Life in Plastic, It’s Not Fantastic
Author: Responsible Business News / Date: 6 August 2023
Kids & adults alike are eager to enter a glittering world of plastic paradise with the release of the new Barbie movie. However, the glitzy Barbieland reflects a less-than-fantastic reality: our planet's constant reliance on plastic.
The world has been seduced by the simplicity and affordability that plastic offers, producing our own synthetic nightmare, much like Barbie’s everlasting appeal. Behind the façade of convenience and comfort, humanity’s reliance on plastic has terrible effects on the environment and society.
Over 8.3 billion metric tonnes of plastic have been created since the 1950s, 79% of which is still in landfills or is dispersed across the environment. Over half of all plastic has been manufactured in the last 13 years, and global production is only increasing. Additionally, more than 500 billion new plastic bags are generated annually, or more than a million bags each minute. Our planet is flooded by plastic wherever we turn, just as in Barbieland.
Unchecked plastic manufacture has a harmful impact on the environment. 40% of all plastic manufactured is single-use plastic, which is used once and then discarded to end up in landfills or find its way into waterways and other natural areas. Since plastic cannot decompose, it has collected all around us, harming our ecosystems.
8 million tonnes of plastic garbage get into our waterways every year, damaging the aquatic life and causing pollution as microplastics separate from the waste and contaminate the water. Tests have shown that over 700 species, including fish, animals, and birds, are harmed by plastic pollution, which also causes reproductive system abnormalities and liver and cell damage.
Plastic pollution has detrimental impacts on not only the environment but also on people’s health. First, the manufacture of plastic results in air pollution from greenhouse gas emissions. Second, when plastic waste gets dumped out, the chemicals in it pollute our soil and water, destroying vital resources, making farming and drinking water noxious. Consuming plastic is also associated with a number of serious health consequences, including cancer, birth deformities, lowered immunity, endocrine disruption, developmental problems, and reproductive issues.

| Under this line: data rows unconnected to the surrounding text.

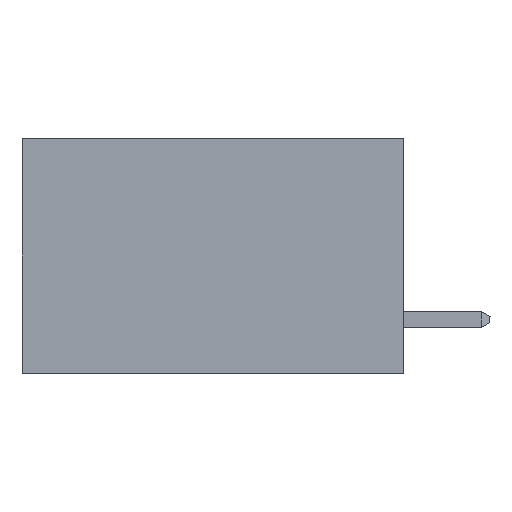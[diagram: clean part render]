
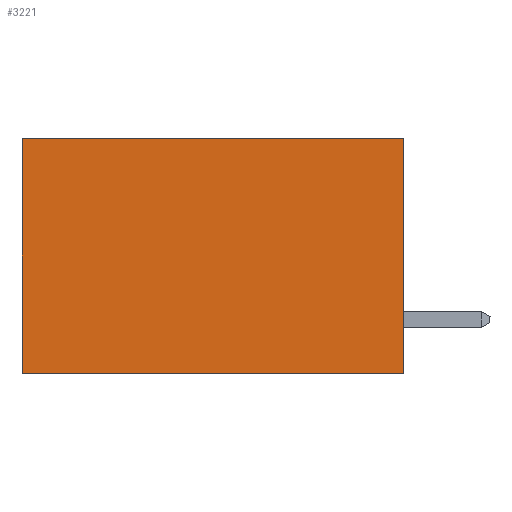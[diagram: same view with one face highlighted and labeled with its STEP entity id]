
A CAD part, left-side view. The second image highlights one B-rep face of the part: STEP entity #3221.
In plain terms, the highlighted planar face has unit normal (-1, 0, 0).
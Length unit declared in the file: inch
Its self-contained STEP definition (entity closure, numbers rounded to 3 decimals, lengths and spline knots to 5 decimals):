
#3221 = ADVANCED_FACE ( 'NONE', ( #24424 ), #23565, .F. ) ;
#5390 = ORIENTED_EDGE ( 'NONE', *, *, #14413, .T. ) ;
#8825 = DIRECTION ( 'NONE',  ( 0., 0., -1. ) ) ;
#9333 = LINE ( 'NONE', #39941, #38214 ) ;
#10623 = LINE ( 'NONE', #36318, #40630 ) ;
#11209 = EDGE_LOOP ( 'NONE', ( #5390, #25328, #41223, #16690 ) ) ;
#11827 = LINE ( 'NONE', #12943, #28789 ) ;
#12266 = VERTEX_POINT ( 'NONE', #34491 ) ;
#12943 = CARTESIAN_POINT ( 'NONE',  ( 0.2875, 0., 0. ) ) ;
#13925 = EDGE_CURVE ( 'NONE', #34199, #41713, #11827, .T. ) ;
#14413 = EDGE_CURVE ( 'NONE', #41713, #18737, #10623, .T. ) ;
#15792 = CARTESIAN_POINT ( 'NONE',  ( 0.2875, 0., 0. ) ) ;
#16690 = ORIENTED_EDGE ( 'NONE', *, *, #13925, .T. ) ;
#18737 = VERTEX_POINT ( 'NONE', #42859 ) ;
#23565 = PLANE ( 'NONE',  #38514 ) ;
#24398 = CARTESIAN_POINT ( 'NONE',  ( 0.2875, 0.6, 0. ) ) ;
#24424 = FACE_OUTER_BOUND ( 'NONE', #11209, .T. ) ;
#25328 = ORIENTED_EDGE ( 'NONE', *, *, #37921, .F. ) ;
#25726 = DIRECTION ( 'NONE',  ( 0., 0., -1. ) ) ;
#25918 = CARTESIAN_POINT ( 'NONE',  ( 0.2875, 0., -0.37 ) ) ;
#27190 = DIRECTION ( 'NONE',  ( 1., 0., 0. ) ) ;
#28789 = VECTOR ( 'NONE', #30869, 39.37008 ) ;
#29194 = DIRECTION ( 'NONE',  ( 0., 0., -1. ) ) ;
#30869 = DIRECTION ( 'NONE',  ( 0., 1., 0. ) ) ;
#34199 = VERTEX_POINT ( 'NONE', #39936 ) ;
#34491 = CARTESIAN_POINT ( 'NONE',  ( 0.2875, 0., -0.37 ) ) ;
#35096 = EDGE_CURVE ( 'NONE', #34199, #12266, #9333, .T. ) ;
#35115 = VECTOR ( 'NONE', #36648, 39.37008 ) ;
#36318 = CARTESIAN_POINT ( 'NONE',  ( 0.2875, 0.6, 0. ) ) ;
#36648 = DIRECTION ( 'NONE',  ( 0., 1., 0. ) ) ;
#37921 = EDGE_CURVE ( 'NONE', #12266, #18737, #39078, .T. ) ;
#38214 = VECTOR ( 'NONE', #29194, 39.37008 ) ;
#38514 = AXIS2_PLACEMENT_3D ( 'NONE', #15792, #27190, #8825 ) ;
#39078 = LINE ( 'NONE', #25918, #35115 ) ;
#39936 = CARTESIAN_POINT ( 'NONE',  ( 0.2875, 0., 0. ) ) ;
#39941 = CARTESIAN_POINT ( 'NONE',  ( 0.2875, 0., 0. ) ) ;
#40630 = VECTOR ( 'NONE', #25726, 39.37008 ) ;
#41223 = ORIENTED_EDGE ( 'NONE', *, *, #35096, .F. ) ;
#41713 = VERTEX_POINT ( 'NONE', #24398 ) ;
#42859 = CARTESIAN_POINT ( 'NONE',  ( 0.2875, 0.6, -0.37 ) ) ;

Barbie movie enthusiasts may be viewing a “life in plastic” through rose-colored glasses, but the truth is much less “gorgelicious.” In particular, when taking into account the disparities that exist within the communities impacted by plastic pollution. At every stage of the plastic lifecycle, marginalised and low-income groups are disproportionately impacted by plastic pollution.
In addition, a lot of the developing world’s population lacks proper trash disposal facilities, which makes the plastic pollution there much worse because developed countries dump their waste there. Between 400,000 and 1 million people every year in the global south die as a result of the unimaginable amount of rubbish they are forced to deal with. Even if the Barbie movie promotes inclusivity and equality, it is impossible to separate the celebration of plastic from its clear connection to environmental and health harm. Governments, businesses, and individuals must all work together to move the world away from our plastic “paradise.” It is your personal obligation to adjust your consumption habits in order to reduce the amount of plastic you use. Read about The Great Global Cleanup and how to End Plastic Pollution to stay current. Individual efforts are insufficient; sign the Global Plastics Treaty petition and push for stricter regulations. We can make green the new pink if we work together.